The cemetery ofSt. Pierre in Montmartre sat atop the majestic butte that overlooked the thousands living in Paris. Nestled in the corner of a churchyard, it was small and intimate. With few souls buried in the earth, the tiny resting place offered a bench for those who came to mourn and reflect.

In the unsettled spring snow, rain, and sleet, Ram and Amber met each week to walk among the stones that marked the lives of those who had hungered, loved, hated, and fought for the life they wished. In mid-March Ram heard from Kane that at the Tuileries, Bonaparte and Ambassador Whitworth openly argued. It was the worst of the two men’s recent encounters.

Ram told Amber how relations grew worse. She knew. She heard the same in her own circles.

Under the spreading limbs of ancient trees, the bare branches would sway in the wind when first they met. As weeks went by, the buds sprouted and burst into the darker, larger greens of April. The flowering of Paris provided fragrant camouflage for their joyous reunions.

Each one had a rhythm.

She would throw her arms around him and kiss him on the cheek.

He would hold her to him for the space of one eternal minute.
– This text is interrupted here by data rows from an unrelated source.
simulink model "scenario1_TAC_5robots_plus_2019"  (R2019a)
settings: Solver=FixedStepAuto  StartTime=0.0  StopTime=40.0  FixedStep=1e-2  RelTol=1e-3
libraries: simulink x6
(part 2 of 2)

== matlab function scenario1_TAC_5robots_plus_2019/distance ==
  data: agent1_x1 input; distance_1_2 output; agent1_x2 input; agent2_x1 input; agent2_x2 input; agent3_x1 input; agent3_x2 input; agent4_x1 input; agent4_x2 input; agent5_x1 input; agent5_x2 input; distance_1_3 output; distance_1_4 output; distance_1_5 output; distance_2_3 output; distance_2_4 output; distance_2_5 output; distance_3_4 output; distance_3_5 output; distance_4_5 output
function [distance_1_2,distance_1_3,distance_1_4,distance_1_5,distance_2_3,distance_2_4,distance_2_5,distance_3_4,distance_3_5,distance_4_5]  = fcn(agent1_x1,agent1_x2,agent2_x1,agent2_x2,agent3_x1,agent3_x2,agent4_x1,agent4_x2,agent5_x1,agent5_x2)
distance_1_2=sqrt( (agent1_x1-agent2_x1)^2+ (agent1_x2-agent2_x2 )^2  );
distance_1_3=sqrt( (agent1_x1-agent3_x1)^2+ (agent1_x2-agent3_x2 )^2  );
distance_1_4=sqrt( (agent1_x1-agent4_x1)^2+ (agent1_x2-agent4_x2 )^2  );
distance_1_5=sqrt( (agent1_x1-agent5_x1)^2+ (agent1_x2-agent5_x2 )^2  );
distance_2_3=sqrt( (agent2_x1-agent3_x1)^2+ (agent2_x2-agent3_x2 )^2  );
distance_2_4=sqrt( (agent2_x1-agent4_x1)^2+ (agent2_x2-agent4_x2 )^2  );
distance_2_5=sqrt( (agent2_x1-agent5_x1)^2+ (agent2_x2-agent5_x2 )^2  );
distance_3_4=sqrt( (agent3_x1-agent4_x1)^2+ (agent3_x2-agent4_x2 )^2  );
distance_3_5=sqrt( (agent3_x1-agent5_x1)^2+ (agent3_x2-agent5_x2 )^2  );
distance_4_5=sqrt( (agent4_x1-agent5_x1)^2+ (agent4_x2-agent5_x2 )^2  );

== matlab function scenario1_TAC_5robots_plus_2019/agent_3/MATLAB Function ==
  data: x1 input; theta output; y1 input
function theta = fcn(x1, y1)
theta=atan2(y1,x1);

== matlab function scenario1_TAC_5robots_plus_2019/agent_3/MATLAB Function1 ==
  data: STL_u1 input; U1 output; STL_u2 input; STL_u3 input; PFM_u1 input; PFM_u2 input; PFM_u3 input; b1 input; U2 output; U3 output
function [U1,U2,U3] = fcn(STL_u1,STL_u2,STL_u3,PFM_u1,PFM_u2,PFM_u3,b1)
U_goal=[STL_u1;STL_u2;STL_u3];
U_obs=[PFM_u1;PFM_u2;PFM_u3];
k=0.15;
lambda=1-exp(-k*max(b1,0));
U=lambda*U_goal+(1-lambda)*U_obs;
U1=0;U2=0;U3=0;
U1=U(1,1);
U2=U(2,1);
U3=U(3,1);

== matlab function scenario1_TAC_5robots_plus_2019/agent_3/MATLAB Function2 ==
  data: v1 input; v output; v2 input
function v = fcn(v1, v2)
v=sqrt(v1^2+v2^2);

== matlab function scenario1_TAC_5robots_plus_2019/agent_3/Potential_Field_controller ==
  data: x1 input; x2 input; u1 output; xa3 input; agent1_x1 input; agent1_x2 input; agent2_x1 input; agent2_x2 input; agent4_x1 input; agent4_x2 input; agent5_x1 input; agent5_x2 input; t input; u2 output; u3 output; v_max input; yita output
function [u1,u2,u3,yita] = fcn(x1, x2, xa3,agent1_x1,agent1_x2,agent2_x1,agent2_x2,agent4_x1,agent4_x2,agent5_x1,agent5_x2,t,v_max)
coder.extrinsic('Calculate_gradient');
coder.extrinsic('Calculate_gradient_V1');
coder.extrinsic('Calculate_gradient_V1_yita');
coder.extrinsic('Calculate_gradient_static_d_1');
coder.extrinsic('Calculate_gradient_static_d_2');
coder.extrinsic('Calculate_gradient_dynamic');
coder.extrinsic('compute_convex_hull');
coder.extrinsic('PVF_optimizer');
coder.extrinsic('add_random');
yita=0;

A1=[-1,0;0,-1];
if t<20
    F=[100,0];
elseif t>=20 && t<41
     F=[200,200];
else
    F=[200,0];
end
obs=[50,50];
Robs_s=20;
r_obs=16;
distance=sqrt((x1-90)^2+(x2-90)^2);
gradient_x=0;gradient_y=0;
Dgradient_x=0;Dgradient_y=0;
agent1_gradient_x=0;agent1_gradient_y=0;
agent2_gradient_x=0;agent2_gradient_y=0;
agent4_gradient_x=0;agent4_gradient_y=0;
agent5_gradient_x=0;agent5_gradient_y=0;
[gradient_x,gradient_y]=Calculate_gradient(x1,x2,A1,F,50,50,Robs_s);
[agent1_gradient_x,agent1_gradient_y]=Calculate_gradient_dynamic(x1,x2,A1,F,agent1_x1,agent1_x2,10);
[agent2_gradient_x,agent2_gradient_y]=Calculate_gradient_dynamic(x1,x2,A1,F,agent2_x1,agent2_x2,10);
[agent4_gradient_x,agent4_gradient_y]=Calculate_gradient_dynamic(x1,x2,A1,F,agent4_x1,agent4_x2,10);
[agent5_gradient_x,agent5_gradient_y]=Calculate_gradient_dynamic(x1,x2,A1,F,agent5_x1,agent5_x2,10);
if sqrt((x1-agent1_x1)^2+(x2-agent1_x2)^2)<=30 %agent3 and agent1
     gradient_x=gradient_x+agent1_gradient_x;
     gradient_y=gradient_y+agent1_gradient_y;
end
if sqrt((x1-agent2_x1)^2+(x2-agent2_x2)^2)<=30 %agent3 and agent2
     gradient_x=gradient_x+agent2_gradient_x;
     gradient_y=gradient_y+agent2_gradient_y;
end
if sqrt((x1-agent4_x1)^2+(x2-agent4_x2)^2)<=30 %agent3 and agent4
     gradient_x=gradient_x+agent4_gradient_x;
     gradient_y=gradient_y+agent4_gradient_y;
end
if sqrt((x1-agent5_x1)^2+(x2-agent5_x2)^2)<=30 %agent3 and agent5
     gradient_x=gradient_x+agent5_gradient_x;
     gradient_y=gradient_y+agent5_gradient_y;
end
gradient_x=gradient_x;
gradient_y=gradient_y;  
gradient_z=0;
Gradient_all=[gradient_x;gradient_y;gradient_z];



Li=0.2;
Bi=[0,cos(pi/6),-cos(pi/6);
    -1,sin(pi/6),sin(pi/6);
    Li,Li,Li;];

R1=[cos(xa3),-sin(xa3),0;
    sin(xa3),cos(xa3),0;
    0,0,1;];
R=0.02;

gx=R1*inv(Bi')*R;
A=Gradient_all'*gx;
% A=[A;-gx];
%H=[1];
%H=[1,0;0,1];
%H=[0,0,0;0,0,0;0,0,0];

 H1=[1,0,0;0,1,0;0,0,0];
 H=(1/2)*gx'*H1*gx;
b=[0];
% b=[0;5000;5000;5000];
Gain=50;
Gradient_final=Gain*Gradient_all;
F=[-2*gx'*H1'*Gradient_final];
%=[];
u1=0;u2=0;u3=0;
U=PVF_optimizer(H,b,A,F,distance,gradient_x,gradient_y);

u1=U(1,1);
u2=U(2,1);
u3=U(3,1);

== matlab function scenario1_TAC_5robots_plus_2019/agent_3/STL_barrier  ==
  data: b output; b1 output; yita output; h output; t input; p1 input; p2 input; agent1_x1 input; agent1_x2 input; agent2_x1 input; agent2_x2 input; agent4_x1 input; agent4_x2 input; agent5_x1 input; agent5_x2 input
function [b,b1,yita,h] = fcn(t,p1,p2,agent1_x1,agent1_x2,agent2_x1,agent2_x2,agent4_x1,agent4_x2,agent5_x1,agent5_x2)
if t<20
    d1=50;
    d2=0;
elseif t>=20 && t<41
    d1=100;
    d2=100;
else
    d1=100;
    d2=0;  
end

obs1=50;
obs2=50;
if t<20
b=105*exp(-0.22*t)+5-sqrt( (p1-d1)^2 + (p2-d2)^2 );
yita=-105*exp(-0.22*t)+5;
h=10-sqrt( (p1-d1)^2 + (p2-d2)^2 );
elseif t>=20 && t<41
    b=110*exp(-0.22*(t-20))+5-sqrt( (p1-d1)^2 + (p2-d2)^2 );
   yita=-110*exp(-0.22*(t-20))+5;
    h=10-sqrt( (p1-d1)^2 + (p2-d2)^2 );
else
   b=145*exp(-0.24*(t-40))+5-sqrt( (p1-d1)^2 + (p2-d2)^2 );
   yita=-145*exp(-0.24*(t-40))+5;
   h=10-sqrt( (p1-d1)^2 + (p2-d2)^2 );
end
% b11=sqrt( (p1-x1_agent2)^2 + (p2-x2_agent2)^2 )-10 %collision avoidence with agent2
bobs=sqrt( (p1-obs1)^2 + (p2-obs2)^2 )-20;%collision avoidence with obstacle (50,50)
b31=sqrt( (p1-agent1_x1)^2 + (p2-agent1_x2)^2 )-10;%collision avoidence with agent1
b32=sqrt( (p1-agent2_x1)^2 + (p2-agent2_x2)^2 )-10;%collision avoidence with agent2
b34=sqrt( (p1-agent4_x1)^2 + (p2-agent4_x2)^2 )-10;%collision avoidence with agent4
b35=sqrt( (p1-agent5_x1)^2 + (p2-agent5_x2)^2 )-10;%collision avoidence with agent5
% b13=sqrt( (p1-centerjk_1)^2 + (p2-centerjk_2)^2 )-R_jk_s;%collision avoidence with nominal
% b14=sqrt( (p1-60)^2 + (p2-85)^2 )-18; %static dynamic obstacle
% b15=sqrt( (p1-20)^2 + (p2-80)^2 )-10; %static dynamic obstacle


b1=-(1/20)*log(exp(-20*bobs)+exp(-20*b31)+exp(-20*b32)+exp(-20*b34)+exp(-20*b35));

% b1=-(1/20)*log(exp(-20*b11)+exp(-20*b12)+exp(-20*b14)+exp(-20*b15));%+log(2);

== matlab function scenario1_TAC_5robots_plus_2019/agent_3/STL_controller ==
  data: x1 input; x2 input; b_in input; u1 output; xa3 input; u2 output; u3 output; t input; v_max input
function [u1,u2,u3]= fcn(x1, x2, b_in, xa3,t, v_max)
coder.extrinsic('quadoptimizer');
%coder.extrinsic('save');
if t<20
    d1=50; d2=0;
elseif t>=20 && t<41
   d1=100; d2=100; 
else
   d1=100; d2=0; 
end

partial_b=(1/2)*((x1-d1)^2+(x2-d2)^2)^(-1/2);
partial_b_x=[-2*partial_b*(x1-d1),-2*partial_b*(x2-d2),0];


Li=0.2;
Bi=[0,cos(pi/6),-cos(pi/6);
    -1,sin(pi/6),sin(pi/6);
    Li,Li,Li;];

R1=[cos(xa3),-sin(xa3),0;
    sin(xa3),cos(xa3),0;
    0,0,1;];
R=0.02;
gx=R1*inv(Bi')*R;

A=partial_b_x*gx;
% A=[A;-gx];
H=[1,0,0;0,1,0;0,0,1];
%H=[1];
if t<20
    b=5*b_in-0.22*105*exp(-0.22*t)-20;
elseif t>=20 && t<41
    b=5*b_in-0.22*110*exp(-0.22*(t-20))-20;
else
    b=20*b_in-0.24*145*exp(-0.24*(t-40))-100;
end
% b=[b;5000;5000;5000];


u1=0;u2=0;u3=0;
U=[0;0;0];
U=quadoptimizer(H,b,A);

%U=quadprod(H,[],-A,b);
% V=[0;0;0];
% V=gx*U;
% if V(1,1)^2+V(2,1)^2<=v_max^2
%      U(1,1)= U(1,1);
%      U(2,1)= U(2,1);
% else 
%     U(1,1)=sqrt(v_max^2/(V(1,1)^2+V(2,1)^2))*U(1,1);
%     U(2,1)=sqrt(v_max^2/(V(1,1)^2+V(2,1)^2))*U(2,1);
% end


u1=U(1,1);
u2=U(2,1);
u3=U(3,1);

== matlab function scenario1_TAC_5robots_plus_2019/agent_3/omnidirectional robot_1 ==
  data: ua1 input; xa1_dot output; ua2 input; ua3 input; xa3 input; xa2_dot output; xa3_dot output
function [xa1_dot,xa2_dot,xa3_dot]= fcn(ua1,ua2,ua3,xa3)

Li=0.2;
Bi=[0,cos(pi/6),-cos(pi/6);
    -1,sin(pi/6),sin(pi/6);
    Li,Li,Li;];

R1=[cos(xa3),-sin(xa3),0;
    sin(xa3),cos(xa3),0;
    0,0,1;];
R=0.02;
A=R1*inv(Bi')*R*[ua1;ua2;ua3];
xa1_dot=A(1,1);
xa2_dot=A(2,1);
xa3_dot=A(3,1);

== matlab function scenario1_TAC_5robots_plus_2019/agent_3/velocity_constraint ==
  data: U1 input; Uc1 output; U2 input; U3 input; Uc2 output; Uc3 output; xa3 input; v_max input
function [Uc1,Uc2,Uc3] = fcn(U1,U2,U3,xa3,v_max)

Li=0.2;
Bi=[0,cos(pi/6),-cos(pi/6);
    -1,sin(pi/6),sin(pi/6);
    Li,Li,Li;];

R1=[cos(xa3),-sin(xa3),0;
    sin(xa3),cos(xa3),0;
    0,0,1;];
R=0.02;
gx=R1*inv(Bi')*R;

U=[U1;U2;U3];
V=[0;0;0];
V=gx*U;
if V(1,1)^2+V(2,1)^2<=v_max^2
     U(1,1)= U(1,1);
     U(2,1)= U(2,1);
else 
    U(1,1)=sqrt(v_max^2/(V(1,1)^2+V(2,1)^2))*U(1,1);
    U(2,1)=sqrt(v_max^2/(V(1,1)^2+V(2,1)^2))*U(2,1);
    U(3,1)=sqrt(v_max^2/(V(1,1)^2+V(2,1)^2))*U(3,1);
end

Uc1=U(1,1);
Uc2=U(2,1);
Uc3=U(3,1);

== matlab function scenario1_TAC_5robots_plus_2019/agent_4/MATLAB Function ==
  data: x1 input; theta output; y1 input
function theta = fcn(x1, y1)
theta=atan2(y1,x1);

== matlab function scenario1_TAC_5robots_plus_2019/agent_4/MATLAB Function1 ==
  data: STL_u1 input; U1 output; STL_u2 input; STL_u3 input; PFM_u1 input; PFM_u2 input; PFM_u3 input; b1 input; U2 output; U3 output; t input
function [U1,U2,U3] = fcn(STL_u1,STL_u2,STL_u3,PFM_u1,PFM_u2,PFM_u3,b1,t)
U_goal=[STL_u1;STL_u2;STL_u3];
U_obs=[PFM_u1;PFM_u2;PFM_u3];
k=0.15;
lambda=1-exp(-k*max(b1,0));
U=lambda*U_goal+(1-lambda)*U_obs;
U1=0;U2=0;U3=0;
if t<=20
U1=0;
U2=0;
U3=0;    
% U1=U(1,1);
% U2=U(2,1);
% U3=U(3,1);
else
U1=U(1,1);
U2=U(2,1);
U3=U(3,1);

Her heart would pulse with regret at what she had to do and pride at what they accomplished together.

“News?” he would ask her.

Occasionally, she would tell tales vital to Ram. An Englishman had fallen afoul of Vaillancourt and been imprisoned in the Temple. A Dutch merchant was arrested for failure to pay his export taxes. Two new cannon were being cast in Mauberge—and they were to go to Vauban’s pretty fortress in Strasbourg. Sometimes she had no information.

Ram never asked what Amber did or who she saw, nor even what she sought. If he began to think that she had asked him to meet regularly so that she could enjoy his company, he was not entirely wrong. She needed his love for her, his belief, to bolster her. For the truth was, she grew tired of her task. Her ambition flagged with her energy. She knew not many days or nights she would have to go on to look for the list of her friends whom Rene would assemble and kill. She knew not how many nights she could continue to listen for the right conversations to get what information she needed.

She did not describe her life for Ram. Her days were so ordinary, they merited no description. Her nights amid the whirl of Bonaparte’s Society required a library to hold all she learned from the gossip. Ram did not need to know it. He certainly did not wish to hear her trials and tribulations. He wanted her out of that life, and she knew it.

But then came one night at dinner at her Aunt Cecily’s house. There, she overheard that a group of spies were soon to be rounded up and arrested. Vaillancourt had the orders and the plans.

Amber held her breath. Were Kane, Gus, and Ram to be arrested?

But no one she knew was jailed that night.